AnsibleAutomation: The Crash That Taught Us Everything
Sometimes the best lessons come from disaster. That's this story.
The Before Times: Manual Everything
When we first built toaster, we were flying fast and loose. Services? Just run the docker command. Configuration? Edit the file and restart. Need to deploy something new? SSH in, pull the repo, install dependencies, configure the service, hope nothing breaks.
It worked great. Right up until it didn't.
The Crash
I won't name names, but let's just say a full system crash turned into the kind of learning experience you only appreciate in hindsight.
Everything was gone. All the carefully configured services. All the docker containers. All the little tweaks and environment variables that made toaster... well, toaster.
And I'm sitting there looking at a blank terminal, thinking: "I have to rebuild all of this from scratch?"
The Realization
That's when it hit me: if you can't automate it, you can't scale it.
We had been building infrastructure like it was permanent. But infrastructure isn't permanent - it's temporary. Servers crash. Disks fail. Things break. What matters isn't the server - it's the knowledge of how to recreate it.

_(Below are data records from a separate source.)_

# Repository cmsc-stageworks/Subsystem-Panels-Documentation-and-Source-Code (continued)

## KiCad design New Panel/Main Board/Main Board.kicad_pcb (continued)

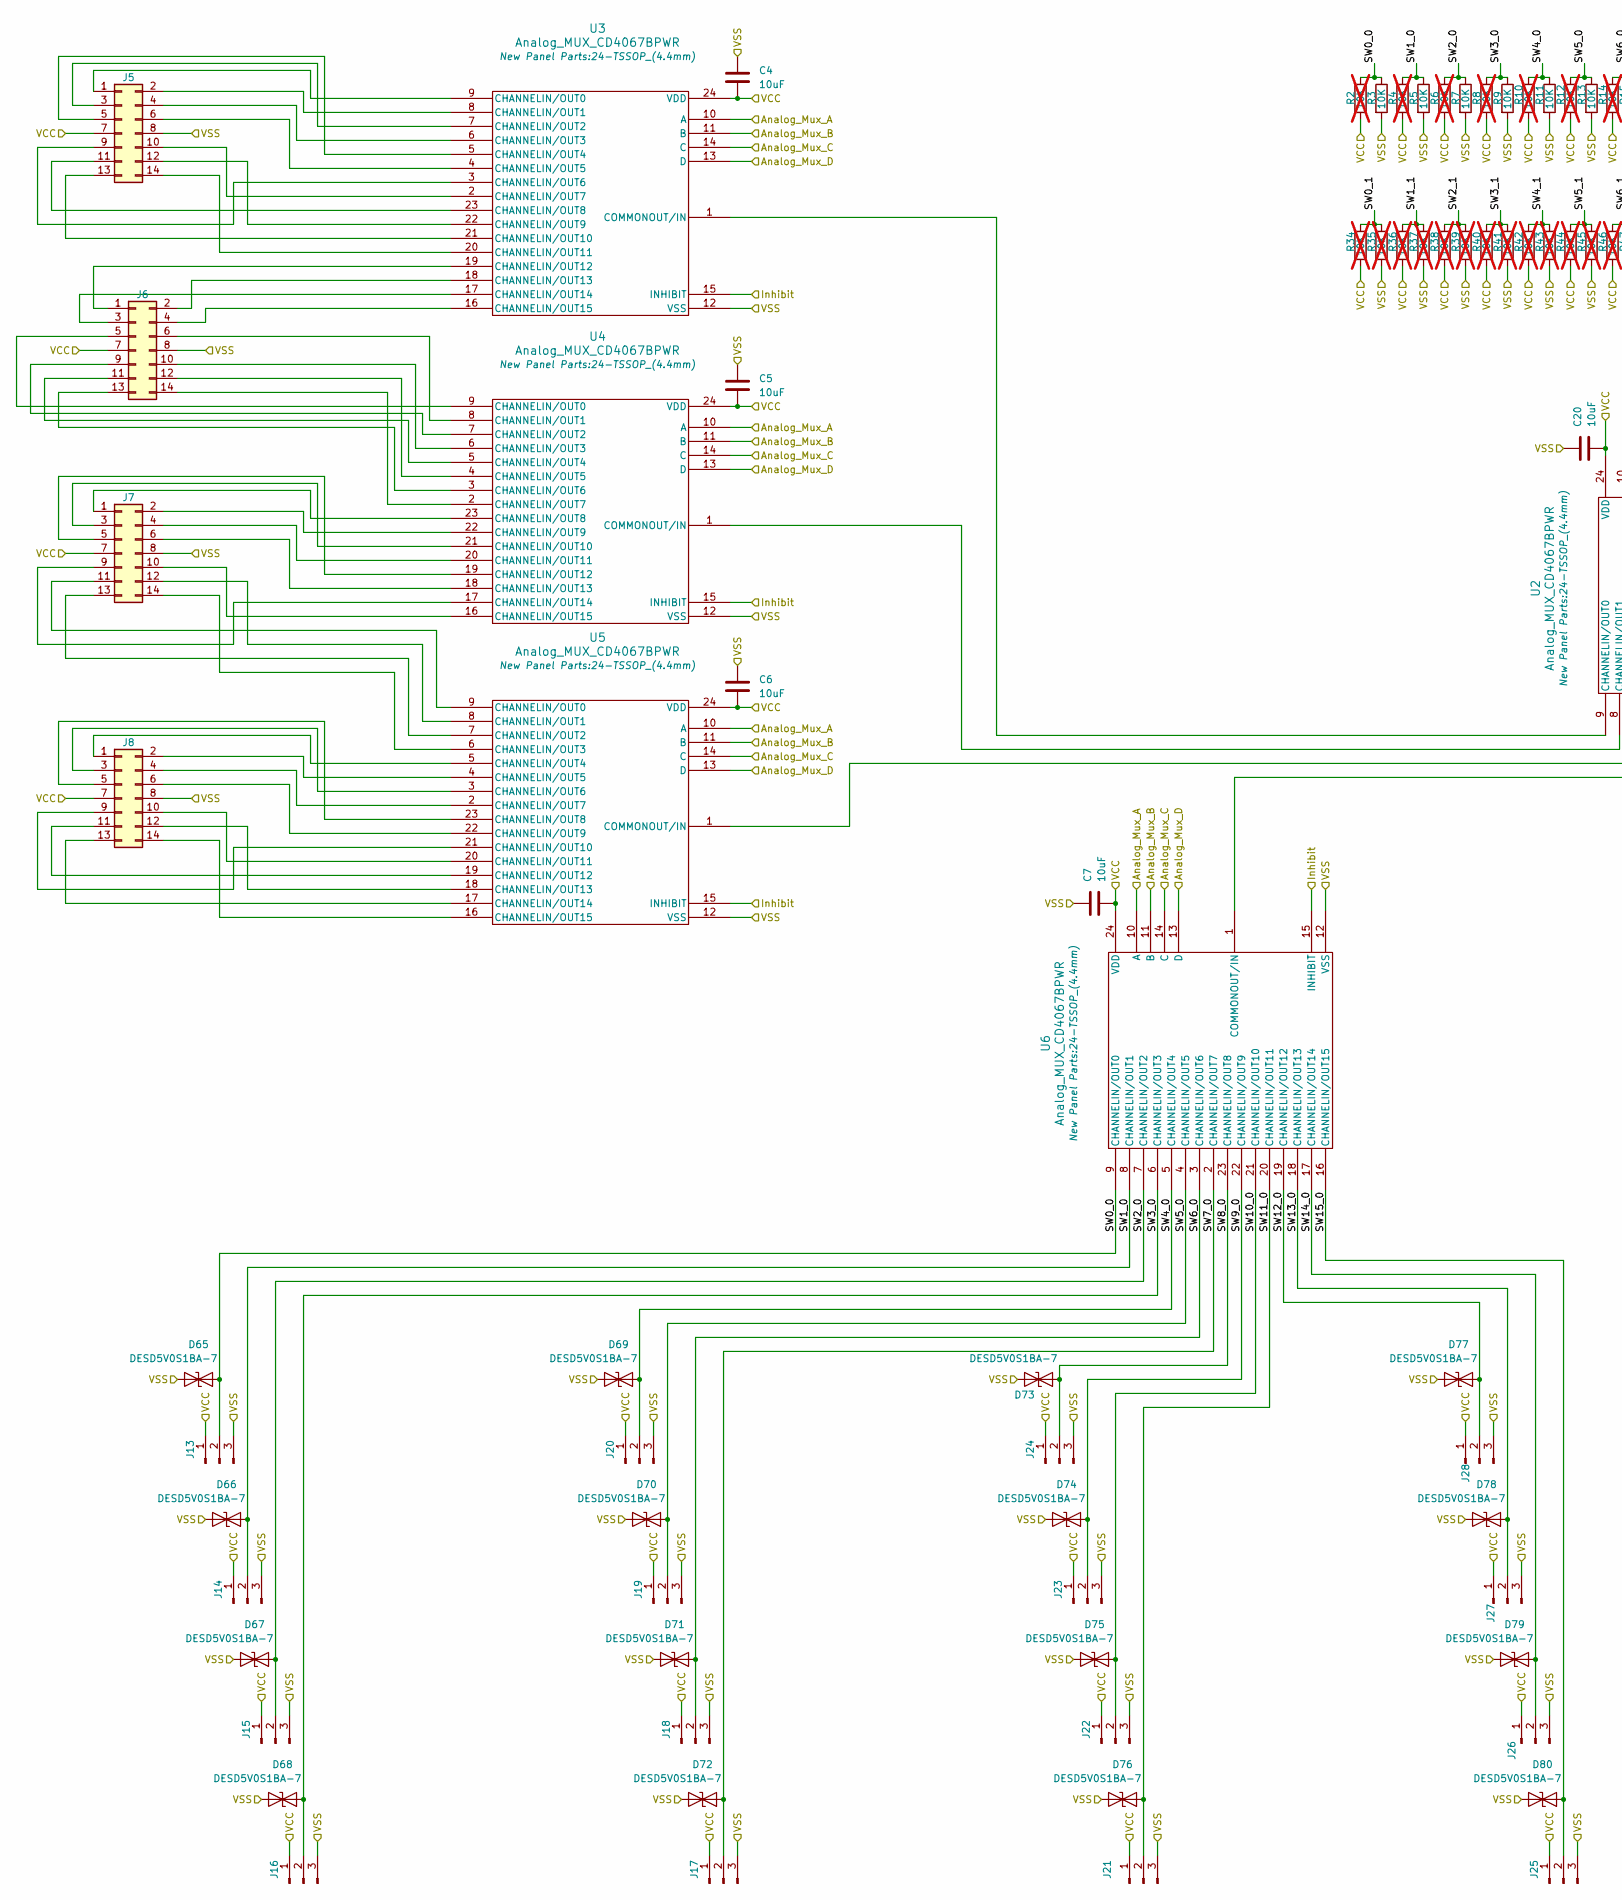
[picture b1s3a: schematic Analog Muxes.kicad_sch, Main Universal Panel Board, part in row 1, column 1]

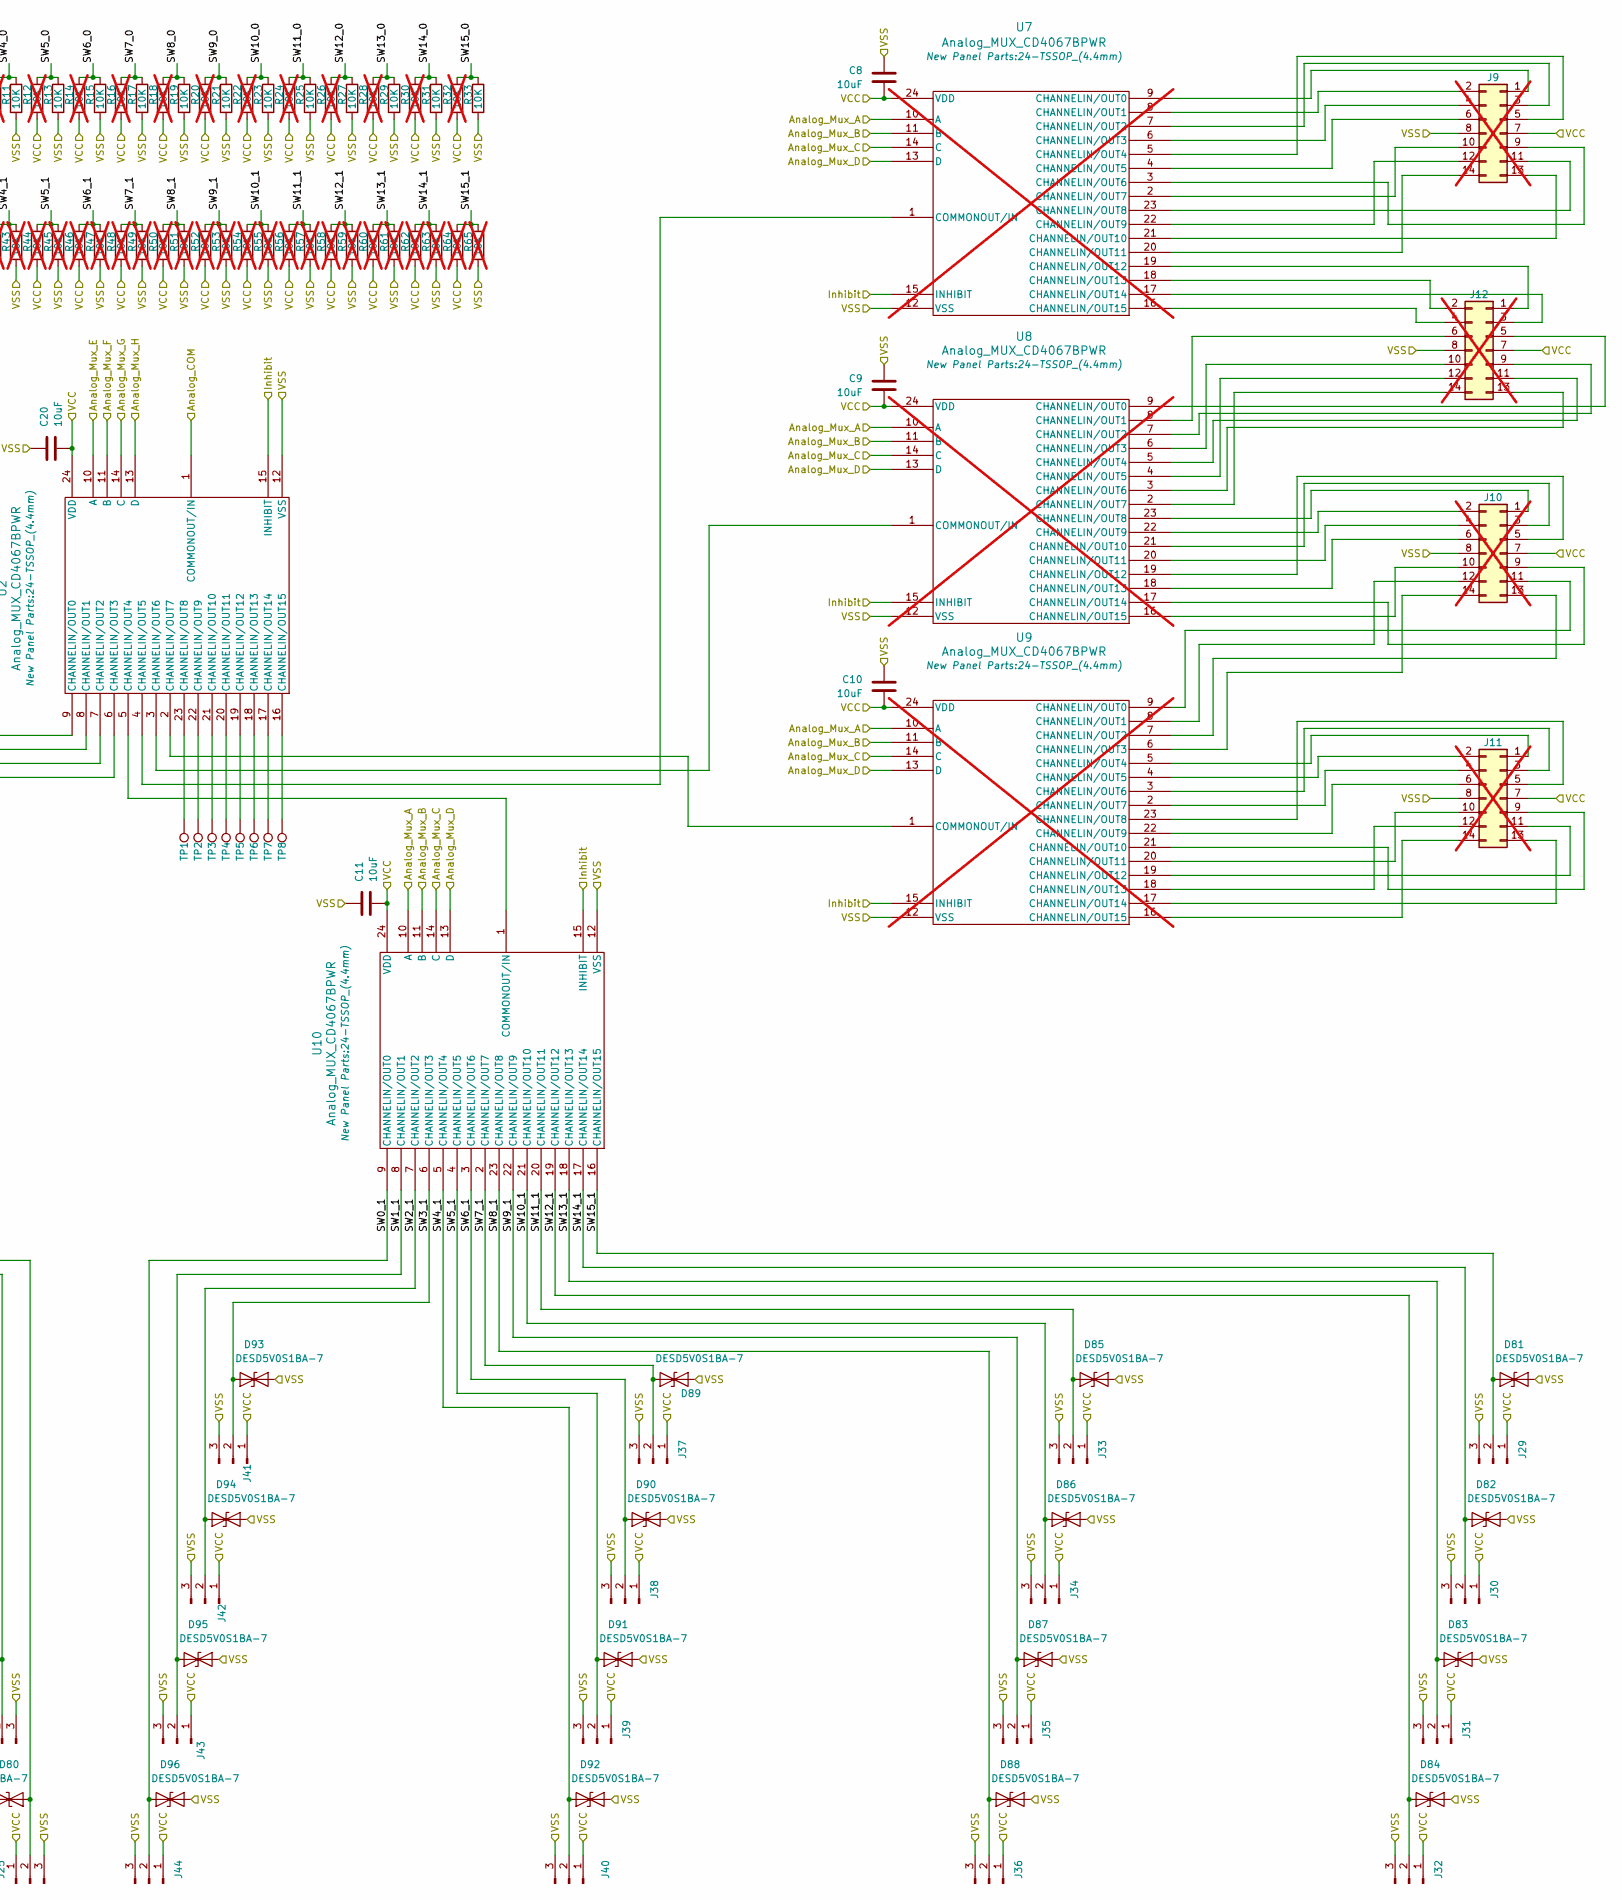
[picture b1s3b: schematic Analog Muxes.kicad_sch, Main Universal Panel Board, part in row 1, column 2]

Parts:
C4, C5, C6, C7, C8, C9, C10, C11, C20: 10uF; C_0603_1608Metric_Pad1.08x0.95mm_HandSolder
D65, D66, D67, D68, D69, D70, D71, D72, D73, D74, D75, D76, D77, D78, D79, D80, D81, D82, D83, D84, D85, D86, D87, D88, D89, D90, D91, D92, D93, D94, D95, D96: DESD5V0S1BA-7; D_SOD-323
J5, J6, J7, J8: Conn_02x07_Odd_Even; IDC-Header_2x07_P2.54mm_Vertical
J9, J10, J11, J12: Conn_02x07_Odd_Even; IDC-Header_2x07_P2.54mm_Vertical; not fitted
J13, J14, J15, J16, J17, J18, J19, J20, J21, J22, J23, J24, J25, J26, J27, J28, J29, J30, J31, J32, J33, J34, J35, J36, J37, J38, J39, J40, J41, J42, J43, J44: Conn_01x03_Pin; JST_PH_B3B-PH-K_1x03_P2.00mm_Vertical
R2, R4, R6, R8, R10, R12, R14, R16, R18, R20, R22, R24, R26, R28, R30, R32, R34, R35, R36, R37, R38, R39, R40, R41, R42, R43, R44, R45, R46, R47, R48, R49, R50, R51, R52, R53, R54, R55, R56, R57, R58, R59, R60, R61, R62, R63, R64, R65: 10K; R_0603_1608Metric; not fitted
R3, R5, R7, R9, R11, R13, R15, R17, R19, R21, R23, R25, R27, R29, R31, R33: 10K; R_0603_1608Metric
TP1, TP2, TP3, TP4, TP5, TP6, TP7, TP8: TestPoint; Pin_D1.0mm_L10.0mm
U2, U3, U4, U5, U6, U10: Analog_MUX_CD4067BPWR; 24-TSSOP_(4.4mm); Manufacturer Part Number CD4067BPWR
U7, U8, U9: Analog_MUX_CD4067BPWR; 24-TSSOP_(4.4mm); Manufacturer Part Number CD4067BPWR; not fitted

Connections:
+3.3V: C4.2, C5.2, C6.2, C7.2, C8.2, C9.2, C10.2, C11.2, C20.2, J5.7, J6.7, J7.7, J8.7, J9.7, J10.7, J11.7, J12.7, J13.1, J14.1, J15.1, J16.1, J17.1, J18.1, J19.1, J20.1, J21.1, J22.1, J23.1, J24.1, J25.1, J26.1, J27.1, J28.1, J29.1, J30.1, J31.1, J32.1, J33.1, J34.1, J35.1, J36.1, J37.1, J38.1, J39.1, J40.1, J41.1, J42.1, J43.1, J44.1, R2.2, R4.2, R6.2, R8.2, R10.2, R12.2, R14.2, R16.2, R18.2, R20.2, R22.2, R24.2, R26.2, R28.2, R30.2, R32.2, R34.2, R36.2, R38.2, R40.2, R42.2, R44.2, R46.2, R48.2, R50.2, R52.2, R54.2, R56.2, R58.2, R60.2, R62.2, R64.2, U2.24 (VDD), U3.24 (VDD), U4.24 (VDD), U5.24 (VDD), U6.24 (VDD), U7.24 (VDD), U8.24 (VDD), U9.24 (VDD), U10.24 (VDD); also elsewhere on the board
/Analog Input Mux/Analog_COM: U2.1 (COMMONOUT/IN); also elsewhere on the board
/Analog Input Mux/Analog_Mux_A: U3.10 (A), U4.10 (A), U5.10 (A), U6.10 (A), U7.10 (A), U8.10 (A), U9.10 (A), U10.10 (A); also elsewhere on the board
/Analog Input Mux/Analog_Mux_B: U3.11 (B), U4.11 (B), U5.11 (B), U6.11 (B), U7.11 (B), U8.11 (B), U9.11 (B), U10.11 (B); also elsewhere on the board
/Analog Input Mux/Analog_Mux_C: U3.14 (C), U4.14 (C), U5.14 (C), U6.14 (C), U7.14 (C), U8.14 (C), U9.14 (C), U10.14 (C); also elsewhere on the board
/Analog Input Mux/Analog_Mux_D: U3.13 (D), U4.13 (D), U5.13 (D), U6.13 (D), U7.13 (D), U8.13 (D), U9.13 (D), U10.13 (D); also elsewhere on the board
/Analog Input Mux/Analog_Mux_E: U2.10 (A); also elsewhere on the board
/Analog Input Mux/Analog_Mux_F: U2.11 (B); also elsewhere on the board
/Analog Input Mux/Analog_Mux_G: U2.14 (C); also elsewhere on the board
/Analog Input Mux/Analog_Mux_H: U2.13 (D); also elsewhere on the board
/Analog Input Mux/Inhibit: U2.15 (INHIBIT), U3.15 (INHIBIT), U4.15 (INHIBIT), U5.15 (INHIBIT), U6.15 (INHIBIT), U7.15 (INHIBIT), U8.15 (INHIBIT), U9.15 (INHIBIT), U10.15 (INHIBIT); also elsewhere on the board
/Analog Input Mux/SW0_0: D65.1 (A1), J13.2, R2.1, R3.1, U6.9 (CHANNELIN/OUT0)
/Analog Input Mux/SW0_1: D96.1 (A1), J44.2, R34.1, R35.1, U10.9 (CHANNELIN/OUT0)
/Analog Input Mux/SW1_0: D66.1 (A1), J14.2, R4.1, R5.1, U6.8 (CHANNELIN/OUT1)
/Analog Input Mux/SW1_1: D95.1 (A1), J43.2, R36.1, R37.1, U10.8 (CHANNELIN/OUT1)
/Analog Input Mux/SW2_0: D67.1 (A1), J15.2, R6.1, R7.1, U6.7 (CHANNELIN/OUT2)
/Analog Input Mux/SW2_1: D94.1 (A1), J42.2, R38.1, R39.1, U10.7 (CHANNELIN/OUT2)
/Analog Input Mux/SW3_0: D68.1 (A1), J16.2, R8.1, R9.1, U6.6 (CHANNELIN/OUT3)
/Analog Input Mux/SW3_1: D93.1 (A1), J41.2, R40.1, R41.1, U10.6 (CHANNELIN/OUT3)
/Analog Input Mux/SW4_0: D69.1 (A1), J20.2, R10.1, R11.1, U6.5 (CHANNELIN/OUT4)
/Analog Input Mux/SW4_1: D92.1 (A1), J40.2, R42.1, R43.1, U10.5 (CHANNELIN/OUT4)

That's when we discovered Ansible.
Why Ansible?
We looked at the options:
- Terraform - Great for cloud infrastructure, overkill for a single server
- Docker Compose - Good for containers, doesn't handle systemd services
- Bash scripts - We already had too many of these
Ansible clicked because:
- Agentless - Just SSH and Python
- Idempotent - Run the same playbook twice, nothing breaks
- Declarative - Say WHAT you want, not HOW to do it
- Human readable - YAML, not magic
The Structure We Built
Here's the anatomy of our Ansible setup:
ansible/
├── deployments/
│ └── toaster/
│ ├── openwebui/ # Bash startup script
│ ├── openwebui.service # Systemd service file
│ ├── qwen35/ # Model startup script
│ └── qwen35.service # Systemd service file
├── roles/
│ └── deploy/
│ └── tasks/
│ └── main.yml # The deployment logic
└── deploy-openwebui.yml # Dedicated playbook
The Service File Pattern
Every service on toaster now follows the same pattern:
[Unit]
Description=Service Name
After=docker.service network.target
Requires=docker.service
[Service]
Type=simple
User=<username>
Group=<username>
WorkingDirectory=<working_dir>
ExecStart=<startup_script>
Restart=on-failure
RestartSec=10s
StandardOutput=journal
StandardError=journal
[Install]
WantedBy=multi-user.target
The Bash Script Pattern
And every service has a bash script that holds the actual docker command:
#!/usr/bin/env bash
docker run --rm \
-p <port>:<port> \
-v <volume_name>:/app/data \
--name <service_name> \
<docker_image>:<tag>
Why bash scripts? Because the command is right there. No guessing. No digging through systemd files. Just read the script and you know exactly what's running.
The Deployment Playbook
The real magic is in the playbook:
- name: Deploy service to toaster
hosts: toaster
gather_facts: true
tasks:
- name: Sync files to remote
ansible.posix.synchronize:
src: deployments/toaster/
dest: <destination_path>/
- name: Install systemd service
ansible.builtin.copy:
src: deployments/toaster/<service>.service
dest: /etc/systemd/system/<service>.service
- name: Enable and start service
ansible.builtin.systemd:
name: <service>
state: restarted
enabled: true
One command. That's all it takes:
ansible-playbook -i inventory.ini deploy-<service>.yml
What This Means
Before Ansible, deploying a new service meant:
- SSH to toaster
- Create the docker command
- Create the systemd service file
- Copy both files
- Reload systemd
- Enable the service
- Start the service
- Hope nothing broke
Now? One command.
The Bigger Picture
This isn't just about convenience. It's about resilience.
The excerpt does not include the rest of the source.